ConsCurDir processes the wanted current (currdir for PwmCurDir which performs the steering jack control current loop. currdir is the speed error (vitdircons - vitdir) multiplied by a constant.

Actually, PwmCurDir, VitDir, JoyEtPotDir, VitAvG, VitAvD, VitArG, VitArD, do not control directly the hardware. They send and receive data, to and from, a low level interruption subroutine which provides data acquisition, quadrature decoding, speed processing, current control loop and low level safety. The benefit is to allow low level processing to be executed at a fixed rate (for wheel speed processing) higher than the real-time loop one. In our application, the real-time period is 10ms when the low level control period is 1ms.

Note that in order to help the programmers, several vertices called "VISU" allow to "spy" the data, by displaying or saving them on the PC. This facility is very useful during the test and debug stage. The figure 6 presents the predicted execution time given by SynDEx after the Adequation was completed. It shows only one execution of the graph. Each column represents the sequence of operations assigned to each processor, the Y-axis showing the time progress from top to bottom. The edges represent processor communications. More precisely, the origin of an edge is the date when the data is ready to be sent, and the ending of the edge is the date when this data is available on the destination processor.

Figure 5:Schedule







Code generation
On each processor the optimized macro-code generated by SynDEx is expanded by the M4 (Gnu) macro-processor to produce an assembly code. A makefile is also generated. It performs the compilation and the link, calling Gnu GCC, and loads executables on the processors through the CAN bus. On each 68332, thanks to this optimized macro-code the complete executable code is less than 15Ko.




Partnerships -

I.N.R.I.A.(institut national de recherche en informatique et en automatique) lead the development of the CyCab, specifically designed for self-service use.

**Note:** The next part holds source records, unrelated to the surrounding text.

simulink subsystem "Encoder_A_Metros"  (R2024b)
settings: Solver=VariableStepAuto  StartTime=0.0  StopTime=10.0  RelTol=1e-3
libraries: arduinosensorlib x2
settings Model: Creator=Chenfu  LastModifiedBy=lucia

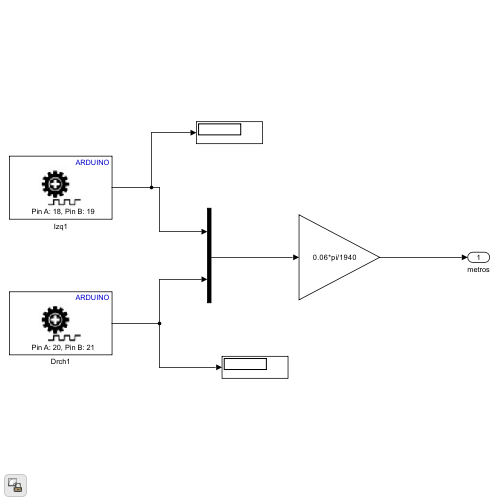
[thumbnail: Simulink's stored preview of the top-level diagram]
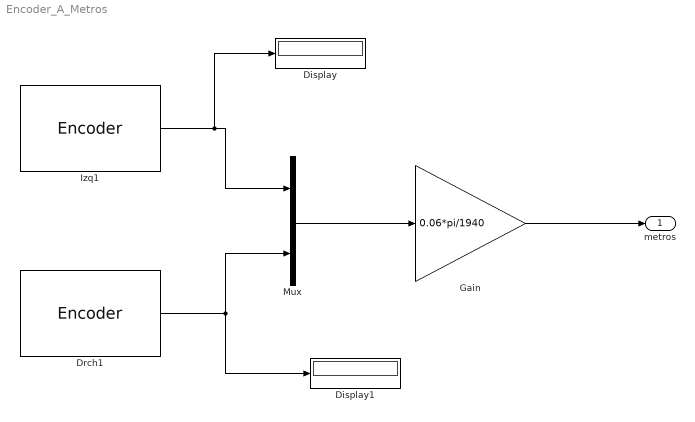
== system Encoder_A_Metros ==
  Display : Display
  Display1 : Display
  Drch1 : arduinosensorlib/Encoder  InputA=20  InputB=21  Mode=No reset  SampleTime=-1
  Gain : Gain  Gain=0.06*pi/1940  OutDataTypeStr=double
  Izq1 : arduinosensorlib/Encoder  InputA=18  InputB=19  Mode=No reset  SampleTime=-1
  Mux : Mux  Inputs=2
  metros : Outport
  wires:
  Mux/1 -> Gain/1
  Gain/1 -> metros/1
  Izq1/1 -> Mux/1, Display/1
  Drch1/1 -> Display1/1, Mux/2
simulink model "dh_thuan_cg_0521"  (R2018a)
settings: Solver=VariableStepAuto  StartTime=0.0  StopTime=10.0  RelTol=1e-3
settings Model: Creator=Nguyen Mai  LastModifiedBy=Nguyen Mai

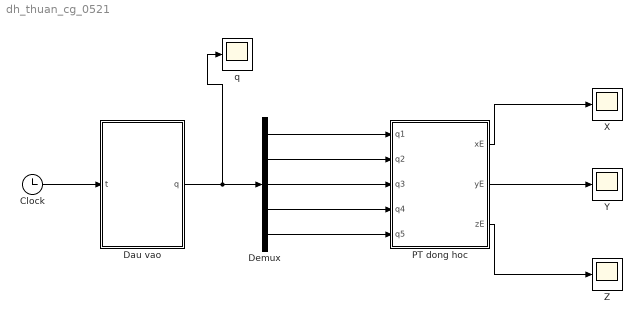
== system dh_thuan_cg_0521 ==
  Clock : Clock
  Dau vao : MATLAB Function  TreatAsAtomicUnit=on
  Demux : Demux  Outputs=5
  PT dong hoc : MATLAB Function  TreatAsAtomicUnit=on
  X : Scope
  Y : Scope
  Z : Scope
  q : Scope
  wires:
  PT dong hoc/2(yE) -> Y/1
  PT dong hoc/1(xE) -> X/1
  PT dong hoc/3(zE) -> Z/1
  Clock/1 -> Dau vao/1(t)
  Dau vao/1(q) -> q/1, Demux/1
  Demux/1 -> PT dong hoc/1(q1)
  Demux/2 -> PT dong hoc/2(q2)
  Demux/3 -> PT dong hoc/3(q3)
  Demux/4 -> PT dong hoc/4(q4)
  Demux/5 -> PT dong hoc/5(q5)

== matlab function dh_thuan_cg_0521/PT dong hoc ==
  data: q1 input; xE output; yE output; zE output; q2 input; q3 input; q4 input; q5 input
function [xE,yE, zE] = fcn(q1,q2,q3,q4,q5)
L2 = 0.5;
L3 = 0.2;
L4 = 0.2;
L5 = 0.5;
xE=-L5 * cos(q4) * cos(q1) * sin(q3) * cos(q5) + L5 * sin(q4) * sin(q1) * cos(q5) - cos(q1) * cos(q3) * L5 * sin(q5) + cos(q1) * L3 * cos(q3) + cos(q1) * cos(q3) * L4 + cos(q1) * L2;
yE=-L5 * cos(q4) * sin(q1) * sin(q3) * cos(q5) - L5 * sin(q4) * cos(q1) * cos(q5) - sin(q1) * cos(q3) * L5 * sin(q5) + sin(q1) * L3 * cos(q3) + sin(q1) * cos(q3) * L4 + sin(q1) * L2;
zE=cos(q3) * cos(q4) * L5 * cos(q5) - sin(q3) * L5 * sin(q5) + sin(q3) * L4 + L3 * sin(q3) + q2;
end

== matlab function dh_thuan_cg_0521/Dau vao ==
  data: t input; q output
function q  = fcn(t)
q1=sin(t);
q2=0.07*t;
q3=cos(t);
q4=0.25*sin(t);
q5=0.75*cos(t);
q=zeros(5,1);
q(1,1)=q1;
q(2,1)=q2;
q(3,1)=q3;
q(4,1)=q4;
q(5,1)=q5;
end

Avenir Public will be responible for the commercialization to the local collectivities.

Andruet S.A. made the first two prototypes (mechanical part).

I.N.R.E.T.S. (Institut national de recherche sur les transports et leur sécurité) is in charge of the socio-economic evaluation of the systeme

E.D.F. the electric public utility has been in charge of the development of the inductive charging stations.

RATP conducted with INRIA the first studies which lead to the technical specification

Robosoft is now manufacturing and selling the first CyCab (3 have already been sold to Singapor.